As long as accuracy is maintained, generative artificial intelligence (AI) may assist enhance patient-physician communication, according to research from New York University’s Langone Health.
According to the study, which was published in JAMA Network Open, generative AI might be used to help a large language model (LLM) convert patient discharge summaries—which are legally required to be available to everyone immediately—into a more comprehensible and user-friendly format.
“Increased patient access to their clinical notes through widespread availability of electronic patient portals has the potential to improve patient involvement in their own care, as well as confidence in their care from their care partners,” write lead author Jonah Zaretsky, a physician and researcher at NYU Langone Health, and colleagues.
“However, clinical notes are typically filled with technical language and abbreviations that make notes difficult to read and understand for patients and their care partners. This issue can create unnecessary anxiety or potentially delay care recommendations or follow-up for patients and their families.”
Zaretsky and colleagues investigated if an LLM could efficiently convert normal patient discharge data into a format that would be easier to understand and more practical. The study comprised 50 patient discharge reports in total.
The Flesch-Kincaid Grade Level test was used to determine the LLM output’s readability, and the Patient Education Materials Assessment Tool (PEMAT) was used to determine its understandability.
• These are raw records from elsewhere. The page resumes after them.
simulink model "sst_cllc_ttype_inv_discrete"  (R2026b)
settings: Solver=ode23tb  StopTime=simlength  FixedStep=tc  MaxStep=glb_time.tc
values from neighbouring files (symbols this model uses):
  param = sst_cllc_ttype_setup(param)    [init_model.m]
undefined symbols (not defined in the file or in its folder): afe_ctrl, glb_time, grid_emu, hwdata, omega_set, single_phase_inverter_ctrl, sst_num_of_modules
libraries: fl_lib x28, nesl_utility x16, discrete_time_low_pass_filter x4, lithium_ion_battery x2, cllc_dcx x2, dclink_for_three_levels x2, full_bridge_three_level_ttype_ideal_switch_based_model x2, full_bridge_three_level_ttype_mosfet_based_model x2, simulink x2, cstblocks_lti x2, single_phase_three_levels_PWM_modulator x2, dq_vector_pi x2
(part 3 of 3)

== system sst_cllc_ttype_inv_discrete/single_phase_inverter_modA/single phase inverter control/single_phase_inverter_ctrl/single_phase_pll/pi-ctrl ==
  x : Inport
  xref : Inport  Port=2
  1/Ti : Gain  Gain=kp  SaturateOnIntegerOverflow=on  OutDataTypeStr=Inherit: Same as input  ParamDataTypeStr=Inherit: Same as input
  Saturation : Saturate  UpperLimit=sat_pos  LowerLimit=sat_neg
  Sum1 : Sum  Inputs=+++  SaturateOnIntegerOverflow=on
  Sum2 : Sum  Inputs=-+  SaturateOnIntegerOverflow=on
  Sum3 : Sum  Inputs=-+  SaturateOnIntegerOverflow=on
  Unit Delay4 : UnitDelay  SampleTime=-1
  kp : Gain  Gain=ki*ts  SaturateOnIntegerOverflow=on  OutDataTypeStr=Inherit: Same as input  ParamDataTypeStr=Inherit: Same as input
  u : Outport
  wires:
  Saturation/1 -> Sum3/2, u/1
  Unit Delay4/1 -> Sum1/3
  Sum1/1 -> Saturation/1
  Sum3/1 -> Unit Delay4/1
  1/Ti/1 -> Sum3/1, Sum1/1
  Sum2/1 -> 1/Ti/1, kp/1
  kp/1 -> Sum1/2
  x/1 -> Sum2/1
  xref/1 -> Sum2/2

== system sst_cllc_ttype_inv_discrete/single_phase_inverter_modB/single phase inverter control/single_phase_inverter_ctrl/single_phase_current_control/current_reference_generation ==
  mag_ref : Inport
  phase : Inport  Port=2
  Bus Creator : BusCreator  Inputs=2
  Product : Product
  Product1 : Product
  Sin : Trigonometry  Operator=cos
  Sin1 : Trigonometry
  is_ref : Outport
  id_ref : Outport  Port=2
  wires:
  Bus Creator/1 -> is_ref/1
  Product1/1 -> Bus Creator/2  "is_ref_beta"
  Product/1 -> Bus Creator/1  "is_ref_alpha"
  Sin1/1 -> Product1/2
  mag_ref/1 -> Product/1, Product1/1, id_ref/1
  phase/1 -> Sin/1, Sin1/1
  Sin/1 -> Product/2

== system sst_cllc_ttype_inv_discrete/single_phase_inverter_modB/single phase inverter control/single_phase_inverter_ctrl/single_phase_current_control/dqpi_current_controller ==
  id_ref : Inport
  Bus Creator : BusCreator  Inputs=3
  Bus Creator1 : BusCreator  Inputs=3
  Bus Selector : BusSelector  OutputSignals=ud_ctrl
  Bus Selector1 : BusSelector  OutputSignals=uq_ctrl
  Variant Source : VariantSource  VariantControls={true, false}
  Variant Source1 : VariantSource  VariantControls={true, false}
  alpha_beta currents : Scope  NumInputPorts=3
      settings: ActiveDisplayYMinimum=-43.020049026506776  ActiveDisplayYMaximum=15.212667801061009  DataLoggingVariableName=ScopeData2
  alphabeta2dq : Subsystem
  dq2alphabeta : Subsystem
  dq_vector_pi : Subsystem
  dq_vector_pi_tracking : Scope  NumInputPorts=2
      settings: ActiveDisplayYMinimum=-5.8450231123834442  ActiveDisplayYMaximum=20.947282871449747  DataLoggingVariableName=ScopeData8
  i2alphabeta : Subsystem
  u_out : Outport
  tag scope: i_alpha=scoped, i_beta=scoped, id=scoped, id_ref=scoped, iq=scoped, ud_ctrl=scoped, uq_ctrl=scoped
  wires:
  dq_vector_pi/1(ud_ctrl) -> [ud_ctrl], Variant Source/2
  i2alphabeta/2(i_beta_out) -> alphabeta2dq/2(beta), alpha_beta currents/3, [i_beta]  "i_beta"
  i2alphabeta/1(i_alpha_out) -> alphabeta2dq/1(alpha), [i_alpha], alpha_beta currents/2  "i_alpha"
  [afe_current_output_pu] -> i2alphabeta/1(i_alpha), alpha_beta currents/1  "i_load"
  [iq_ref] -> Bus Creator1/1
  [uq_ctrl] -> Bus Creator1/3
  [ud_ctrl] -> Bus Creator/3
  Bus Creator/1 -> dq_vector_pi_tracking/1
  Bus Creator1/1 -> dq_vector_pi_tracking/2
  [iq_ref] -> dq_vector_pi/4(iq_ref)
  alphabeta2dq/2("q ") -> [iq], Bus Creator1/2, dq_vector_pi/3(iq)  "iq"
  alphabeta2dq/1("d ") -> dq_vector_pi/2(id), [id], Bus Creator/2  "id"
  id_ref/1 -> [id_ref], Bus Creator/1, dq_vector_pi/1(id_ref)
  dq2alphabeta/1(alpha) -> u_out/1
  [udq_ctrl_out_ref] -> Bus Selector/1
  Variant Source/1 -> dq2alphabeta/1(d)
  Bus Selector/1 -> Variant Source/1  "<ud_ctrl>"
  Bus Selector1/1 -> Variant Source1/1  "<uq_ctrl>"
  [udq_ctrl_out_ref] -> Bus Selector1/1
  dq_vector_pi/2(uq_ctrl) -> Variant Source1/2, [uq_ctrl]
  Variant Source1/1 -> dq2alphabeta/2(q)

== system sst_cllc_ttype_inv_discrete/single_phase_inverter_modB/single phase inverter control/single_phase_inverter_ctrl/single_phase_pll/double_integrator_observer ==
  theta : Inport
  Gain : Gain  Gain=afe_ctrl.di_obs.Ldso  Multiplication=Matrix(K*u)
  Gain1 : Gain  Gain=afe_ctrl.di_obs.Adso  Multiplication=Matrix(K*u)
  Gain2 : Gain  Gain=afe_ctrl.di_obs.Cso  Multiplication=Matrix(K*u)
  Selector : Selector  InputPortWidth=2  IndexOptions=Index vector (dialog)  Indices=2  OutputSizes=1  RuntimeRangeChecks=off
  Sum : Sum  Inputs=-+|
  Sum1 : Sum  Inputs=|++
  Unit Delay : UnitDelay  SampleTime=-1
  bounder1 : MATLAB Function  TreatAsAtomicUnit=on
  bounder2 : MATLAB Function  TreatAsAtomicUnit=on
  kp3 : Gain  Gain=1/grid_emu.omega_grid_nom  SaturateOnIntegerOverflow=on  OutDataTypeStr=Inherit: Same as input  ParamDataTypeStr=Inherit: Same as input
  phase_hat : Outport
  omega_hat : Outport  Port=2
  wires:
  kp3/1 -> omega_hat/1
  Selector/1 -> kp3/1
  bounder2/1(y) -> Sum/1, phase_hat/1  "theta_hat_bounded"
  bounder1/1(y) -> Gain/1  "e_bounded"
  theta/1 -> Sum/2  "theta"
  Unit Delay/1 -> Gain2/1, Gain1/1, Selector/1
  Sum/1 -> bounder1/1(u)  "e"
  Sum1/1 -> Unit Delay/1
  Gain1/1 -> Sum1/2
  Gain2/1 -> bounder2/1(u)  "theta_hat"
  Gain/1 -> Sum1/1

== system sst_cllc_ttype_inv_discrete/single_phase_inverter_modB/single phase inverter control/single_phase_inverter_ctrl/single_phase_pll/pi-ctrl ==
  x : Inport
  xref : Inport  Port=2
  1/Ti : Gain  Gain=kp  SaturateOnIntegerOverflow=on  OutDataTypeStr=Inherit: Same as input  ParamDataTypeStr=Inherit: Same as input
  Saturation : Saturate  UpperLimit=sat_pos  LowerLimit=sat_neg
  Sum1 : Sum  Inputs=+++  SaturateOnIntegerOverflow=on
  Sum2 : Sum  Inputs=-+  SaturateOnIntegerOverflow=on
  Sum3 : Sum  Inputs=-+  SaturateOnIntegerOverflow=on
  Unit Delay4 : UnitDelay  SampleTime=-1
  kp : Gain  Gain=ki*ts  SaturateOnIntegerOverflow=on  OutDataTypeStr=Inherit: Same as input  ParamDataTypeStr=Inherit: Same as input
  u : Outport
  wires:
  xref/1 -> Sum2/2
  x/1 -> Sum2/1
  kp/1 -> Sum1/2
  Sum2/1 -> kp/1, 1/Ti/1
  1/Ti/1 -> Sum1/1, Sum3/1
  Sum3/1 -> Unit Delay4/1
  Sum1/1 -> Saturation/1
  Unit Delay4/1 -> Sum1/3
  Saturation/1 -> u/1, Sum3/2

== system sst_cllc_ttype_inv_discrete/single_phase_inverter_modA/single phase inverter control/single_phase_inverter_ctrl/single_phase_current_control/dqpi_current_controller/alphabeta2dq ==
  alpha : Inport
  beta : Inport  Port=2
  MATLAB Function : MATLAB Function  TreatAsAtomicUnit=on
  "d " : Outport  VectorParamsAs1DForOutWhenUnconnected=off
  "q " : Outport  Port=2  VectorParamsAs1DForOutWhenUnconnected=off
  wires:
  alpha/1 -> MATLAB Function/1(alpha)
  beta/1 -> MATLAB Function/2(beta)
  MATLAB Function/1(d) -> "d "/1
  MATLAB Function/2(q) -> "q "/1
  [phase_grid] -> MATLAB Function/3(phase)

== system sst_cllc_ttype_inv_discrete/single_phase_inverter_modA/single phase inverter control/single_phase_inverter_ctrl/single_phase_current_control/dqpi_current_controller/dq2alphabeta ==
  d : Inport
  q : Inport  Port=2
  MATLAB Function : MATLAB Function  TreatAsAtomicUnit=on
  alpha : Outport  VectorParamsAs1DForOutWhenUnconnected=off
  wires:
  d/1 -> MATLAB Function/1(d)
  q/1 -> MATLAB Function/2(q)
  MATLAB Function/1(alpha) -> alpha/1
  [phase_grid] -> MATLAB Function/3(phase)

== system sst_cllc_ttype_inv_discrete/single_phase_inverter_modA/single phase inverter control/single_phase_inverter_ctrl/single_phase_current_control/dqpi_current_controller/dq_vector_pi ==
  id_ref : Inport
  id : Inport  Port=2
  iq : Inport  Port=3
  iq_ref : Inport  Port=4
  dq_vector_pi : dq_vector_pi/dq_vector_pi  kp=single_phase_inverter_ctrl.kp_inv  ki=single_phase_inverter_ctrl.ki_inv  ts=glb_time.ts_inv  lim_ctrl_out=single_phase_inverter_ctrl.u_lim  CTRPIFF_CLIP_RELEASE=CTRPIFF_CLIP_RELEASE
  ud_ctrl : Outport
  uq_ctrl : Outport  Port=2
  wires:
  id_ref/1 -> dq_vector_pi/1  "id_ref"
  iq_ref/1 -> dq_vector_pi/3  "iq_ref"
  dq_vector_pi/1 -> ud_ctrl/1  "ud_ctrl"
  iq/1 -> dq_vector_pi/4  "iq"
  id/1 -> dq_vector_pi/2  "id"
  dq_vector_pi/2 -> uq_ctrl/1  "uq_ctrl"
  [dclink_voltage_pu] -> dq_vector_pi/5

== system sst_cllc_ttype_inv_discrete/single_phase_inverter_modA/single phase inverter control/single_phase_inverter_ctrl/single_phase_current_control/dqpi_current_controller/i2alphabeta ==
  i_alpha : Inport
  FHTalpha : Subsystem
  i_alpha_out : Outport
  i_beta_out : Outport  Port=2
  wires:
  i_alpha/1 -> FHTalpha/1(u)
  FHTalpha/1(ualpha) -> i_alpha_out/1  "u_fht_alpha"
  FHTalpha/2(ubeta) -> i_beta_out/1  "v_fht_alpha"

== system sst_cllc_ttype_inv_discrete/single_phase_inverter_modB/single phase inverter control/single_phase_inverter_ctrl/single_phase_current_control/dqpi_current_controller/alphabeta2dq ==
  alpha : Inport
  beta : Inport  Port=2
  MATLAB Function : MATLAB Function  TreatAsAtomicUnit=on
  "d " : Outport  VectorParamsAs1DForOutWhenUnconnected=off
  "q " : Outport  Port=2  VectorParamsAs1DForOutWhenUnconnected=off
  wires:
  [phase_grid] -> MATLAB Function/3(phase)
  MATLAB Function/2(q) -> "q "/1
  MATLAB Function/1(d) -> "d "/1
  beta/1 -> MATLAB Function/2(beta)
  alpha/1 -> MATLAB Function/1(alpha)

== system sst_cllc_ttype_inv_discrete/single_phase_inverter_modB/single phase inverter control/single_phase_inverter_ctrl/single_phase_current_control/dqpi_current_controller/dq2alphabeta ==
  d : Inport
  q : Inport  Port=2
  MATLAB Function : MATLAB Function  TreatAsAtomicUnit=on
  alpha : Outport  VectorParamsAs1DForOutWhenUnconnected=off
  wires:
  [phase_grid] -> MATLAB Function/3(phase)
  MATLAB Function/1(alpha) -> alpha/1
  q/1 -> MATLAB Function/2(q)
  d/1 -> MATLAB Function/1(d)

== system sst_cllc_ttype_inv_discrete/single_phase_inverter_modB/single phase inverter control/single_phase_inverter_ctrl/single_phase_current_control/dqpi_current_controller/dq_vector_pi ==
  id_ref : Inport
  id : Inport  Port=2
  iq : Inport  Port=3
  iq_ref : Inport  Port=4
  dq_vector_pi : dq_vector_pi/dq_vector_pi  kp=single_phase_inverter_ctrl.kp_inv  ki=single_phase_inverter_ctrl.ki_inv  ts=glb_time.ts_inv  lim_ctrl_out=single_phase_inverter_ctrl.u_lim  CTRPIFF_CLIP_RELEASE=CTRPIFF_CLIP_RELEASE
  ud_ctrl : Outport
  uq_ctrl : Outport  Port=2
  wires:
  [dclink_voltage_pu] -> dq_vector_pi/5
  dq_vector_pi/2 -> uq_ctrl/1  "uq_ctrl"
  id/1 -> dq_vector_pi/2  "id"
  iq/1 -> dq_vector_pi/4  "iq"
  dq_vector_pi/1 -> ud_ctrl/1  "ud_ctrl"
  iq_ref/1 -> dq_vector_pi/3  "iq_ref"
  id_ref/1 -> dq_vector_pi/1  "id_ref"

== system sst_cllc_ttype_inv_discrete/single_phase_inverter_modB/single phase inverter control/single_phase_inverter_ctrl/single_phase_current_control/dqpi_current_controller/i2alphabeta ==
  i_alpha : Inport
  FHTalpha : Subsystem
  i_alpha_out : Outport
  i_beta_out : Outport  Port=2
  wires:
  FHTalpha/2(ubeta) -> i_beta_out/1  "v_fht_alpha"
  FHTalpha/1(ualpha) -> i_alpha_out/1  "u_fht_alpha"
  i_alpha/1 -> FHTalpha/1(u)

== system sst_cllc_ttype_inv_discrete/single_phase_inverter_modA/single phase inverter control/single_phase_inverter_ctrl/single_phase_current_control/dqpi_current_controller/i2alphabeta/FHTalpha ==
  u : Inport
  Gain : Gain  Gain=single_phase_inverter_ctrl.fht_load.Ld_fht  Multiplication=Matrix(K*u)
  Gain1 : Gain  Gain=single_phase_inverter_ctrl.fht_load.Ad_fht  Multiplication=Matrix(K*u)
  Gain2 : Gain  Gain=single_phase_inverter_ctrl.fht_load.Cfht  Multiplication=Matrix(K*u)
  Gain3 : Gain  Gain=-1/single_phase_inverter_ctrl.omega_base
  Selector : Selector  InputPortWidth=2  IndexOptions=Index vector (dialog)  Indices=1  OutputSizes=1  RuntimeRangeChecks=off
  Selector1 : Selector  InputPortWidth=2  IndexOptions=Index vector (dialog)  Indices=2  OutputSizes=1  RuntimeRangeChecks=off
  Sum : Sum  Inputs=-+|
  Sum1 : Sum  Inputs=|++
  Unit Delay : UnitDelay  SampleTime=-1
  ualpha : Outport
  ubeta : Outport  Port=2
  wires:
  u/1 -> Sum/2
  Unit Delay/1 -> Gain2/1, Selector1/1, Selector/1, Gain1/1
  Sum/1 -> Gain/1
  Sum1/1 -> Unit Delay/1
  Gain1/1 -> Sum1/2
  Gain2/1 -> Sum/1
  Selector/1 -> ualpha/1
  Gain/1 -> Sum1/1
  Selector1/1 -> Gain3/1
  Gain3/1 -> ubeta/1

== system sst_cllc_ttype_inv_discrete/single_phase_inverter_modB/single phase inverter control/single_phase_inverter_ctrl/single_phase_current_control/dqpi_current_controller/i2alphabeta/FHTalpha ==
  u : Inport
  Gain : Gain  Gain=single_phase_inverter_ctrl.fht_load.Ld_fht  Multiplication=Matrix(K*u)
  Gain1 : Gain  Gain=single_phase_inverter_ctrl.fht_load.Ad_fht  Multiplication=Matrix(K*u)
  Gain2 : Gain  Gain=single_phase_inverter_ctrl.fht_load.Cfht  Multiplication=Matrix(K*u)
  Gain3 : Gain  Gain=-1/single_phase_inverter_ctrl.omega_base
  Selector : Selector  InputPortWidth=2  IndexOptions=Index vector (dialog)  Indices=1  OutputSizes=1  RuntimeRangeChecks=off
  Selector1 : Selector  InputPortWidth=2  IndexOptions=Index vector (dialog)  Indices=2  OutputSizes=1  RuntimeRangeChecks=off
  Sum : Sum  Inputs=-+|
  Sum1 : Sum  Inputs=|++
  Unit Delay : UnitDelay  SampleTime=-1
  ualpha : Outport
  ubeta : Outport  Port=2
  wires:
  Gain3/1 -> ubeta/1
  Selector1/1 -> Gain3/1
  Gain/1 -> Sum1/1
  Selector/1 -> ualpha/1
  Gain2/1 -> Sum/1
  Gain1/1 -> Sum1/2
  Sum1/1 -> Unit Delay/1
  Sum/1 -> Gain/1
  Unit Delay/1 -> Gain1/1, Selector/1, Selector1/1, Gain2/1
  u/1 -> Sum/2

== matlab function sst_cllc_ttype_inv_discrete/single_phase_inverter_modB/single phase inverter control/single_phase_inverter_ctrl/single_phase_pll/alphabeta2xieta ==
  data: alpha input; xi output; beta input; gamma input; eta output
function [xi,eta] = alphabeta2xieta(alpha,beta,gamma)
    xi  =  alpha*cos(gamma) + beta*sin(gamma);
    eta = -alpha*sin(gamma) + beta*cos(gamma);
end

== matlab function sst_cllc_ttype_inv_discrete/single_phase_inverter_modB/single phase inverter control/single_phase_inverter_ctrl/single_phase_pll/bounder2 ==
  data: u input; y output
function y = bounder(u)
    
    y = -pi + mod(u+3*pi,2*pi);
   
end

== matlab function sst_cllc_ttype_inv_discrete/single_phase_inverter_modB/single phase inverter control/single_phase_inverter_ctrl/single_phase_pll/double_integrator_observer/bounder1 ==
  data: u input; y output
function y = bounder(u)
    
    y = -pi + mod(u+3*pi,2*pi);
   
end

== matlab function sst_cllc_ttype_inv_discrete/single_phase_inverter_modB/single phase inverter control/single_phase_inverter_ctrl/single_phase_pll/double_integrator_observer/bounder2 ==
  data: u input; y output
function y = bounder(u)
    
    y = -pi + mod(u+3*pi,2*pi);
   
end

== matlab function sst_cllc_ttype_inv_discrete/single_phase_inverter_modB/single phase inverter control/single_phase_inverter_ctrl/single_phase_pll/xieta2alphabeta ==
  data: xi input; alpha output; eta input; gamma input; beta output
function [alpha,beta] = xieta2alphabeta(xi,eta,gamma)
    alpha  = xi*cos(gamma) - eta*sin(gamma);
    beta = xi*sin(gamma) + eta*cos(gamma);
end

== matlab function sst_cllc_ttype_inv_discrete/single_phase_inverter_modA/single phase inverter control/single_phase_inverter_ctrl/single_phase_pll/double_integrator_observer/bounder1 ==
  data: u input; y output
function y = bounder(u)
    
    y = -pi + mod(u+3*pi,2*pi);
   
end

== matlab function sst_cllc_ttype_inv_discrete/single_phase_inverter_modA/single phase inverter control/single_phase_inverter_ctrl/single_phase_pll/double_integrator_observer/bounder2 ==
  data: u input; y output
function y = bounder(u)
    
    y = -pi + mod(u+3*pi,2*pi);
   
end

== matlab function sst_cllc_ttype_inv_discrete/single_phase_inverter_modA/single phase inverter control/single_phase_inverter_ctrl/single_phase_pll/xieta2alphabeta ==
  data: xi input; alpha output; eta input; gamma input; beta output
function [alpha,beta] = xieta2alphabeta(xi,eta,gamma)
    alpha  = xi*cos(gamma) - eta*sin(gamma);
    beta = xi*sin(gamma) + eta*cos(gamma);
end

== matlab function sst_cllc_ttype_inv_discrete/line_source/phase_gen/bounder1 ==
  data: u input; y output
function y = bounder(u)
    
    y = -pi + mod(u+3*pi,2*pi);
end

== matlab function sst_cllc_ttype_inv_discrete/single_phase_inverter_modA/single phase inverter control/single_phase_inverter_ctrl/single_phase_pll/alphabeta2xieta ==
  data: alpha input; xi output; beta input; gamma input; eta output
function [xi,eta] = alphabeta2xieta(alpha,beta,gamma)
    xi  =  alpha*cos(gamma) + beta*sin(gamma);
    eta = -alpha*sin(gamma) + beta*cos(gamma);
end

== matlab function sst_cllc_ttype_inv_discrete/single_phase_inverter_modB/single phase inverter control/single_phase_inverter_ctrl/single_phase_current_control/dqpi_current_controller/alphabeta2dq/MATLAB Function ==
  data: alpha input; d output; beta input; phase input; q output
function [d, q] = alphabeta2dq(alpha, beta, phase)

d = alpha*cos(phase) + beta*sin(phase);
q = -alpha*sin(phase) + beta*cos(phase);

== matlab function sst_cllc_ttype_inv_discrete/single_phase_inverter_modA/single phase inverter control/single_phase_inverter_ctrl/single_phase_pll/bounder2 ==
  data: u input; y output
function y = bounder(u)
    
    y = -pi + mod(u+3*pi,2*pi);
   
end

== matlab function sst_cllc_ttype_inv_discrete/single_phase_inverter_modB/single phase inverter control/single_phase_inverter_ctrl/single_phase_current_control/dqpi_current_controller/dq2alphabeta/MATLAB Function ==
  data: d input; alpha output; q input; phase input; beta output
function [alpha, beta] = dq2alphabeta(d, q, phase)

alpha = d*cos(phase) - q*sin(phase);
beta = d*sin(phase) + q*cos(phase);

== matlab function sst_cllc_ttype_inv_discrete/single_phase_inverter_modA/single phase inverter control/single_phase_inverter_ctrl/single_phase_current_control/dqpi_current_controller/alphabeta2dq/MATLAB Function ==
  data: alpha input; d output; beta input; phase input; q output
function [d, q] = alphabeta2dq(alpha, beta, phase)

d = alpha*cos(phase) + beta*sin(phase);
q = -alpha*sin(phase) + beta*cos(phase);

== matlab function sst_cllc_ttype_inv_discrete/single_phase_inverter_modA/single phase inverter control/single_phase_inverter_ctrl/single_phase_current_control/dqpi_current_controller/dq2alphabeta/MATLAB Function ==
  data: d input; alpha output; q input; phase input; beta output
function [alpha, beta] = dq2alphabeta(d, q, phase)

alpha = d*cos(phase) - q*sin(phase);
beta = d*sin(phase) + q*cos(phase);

Two doctors evaluated the AI-generated summaries’ accuracy using a six-point rating system.
The AI-generated discharge summaries had a lower Flesch-Kincaid Grade Level (6.2) than the original discharge summaries (11), which suggests greater readability. Additionally, the AI summaries’ PEMAT understandability scores were significantly greater than the originals’—81% vs. 13%, respectively.
Physician-rated accuracy was assessed as 100% accurate in 54 out of 100 reports, with a score of six. Nevertheless, because of data gaps and certain false claims made by the AI, 18 evaluations expressed worries regarding safety. Additionally, 44% of the AI-generated statements were deemed incomplete by the physicians.
“We think a major source of inaccuracy due to omission and incompleteness comes from prompt engineering that optimized for readability and understandability. For example, limiting the number of words in a sentence or a document is considered more understandable,” write the authors.
“This makes it difficult to provide a detailed, comprehensive description of a complex patient condition. Future iterations will have to explore the trade-off between readability and understandability on one hand and completeness on the other.”
This study indicates that there is potential for using generative AI to improve patient-physician communication, even though it may not be ready for general adoption just yet if accuracy problems can be resolved.
“LLMs may not be ready for widespread unsupervised use to generate patient facing discharge summaries, given real safety risks and formidable, if solvable, technological and workflow barriers,” Charumathi Raghu Subramanian, a physician and researcher at the University of California, and colleagues wrote in an associated commentary article in the same journal. “But perhaps in the near future, with better safety profiles, more automated inputs and outputs, and strict clinician oversight, they may become important tools in enhancing health care communication.”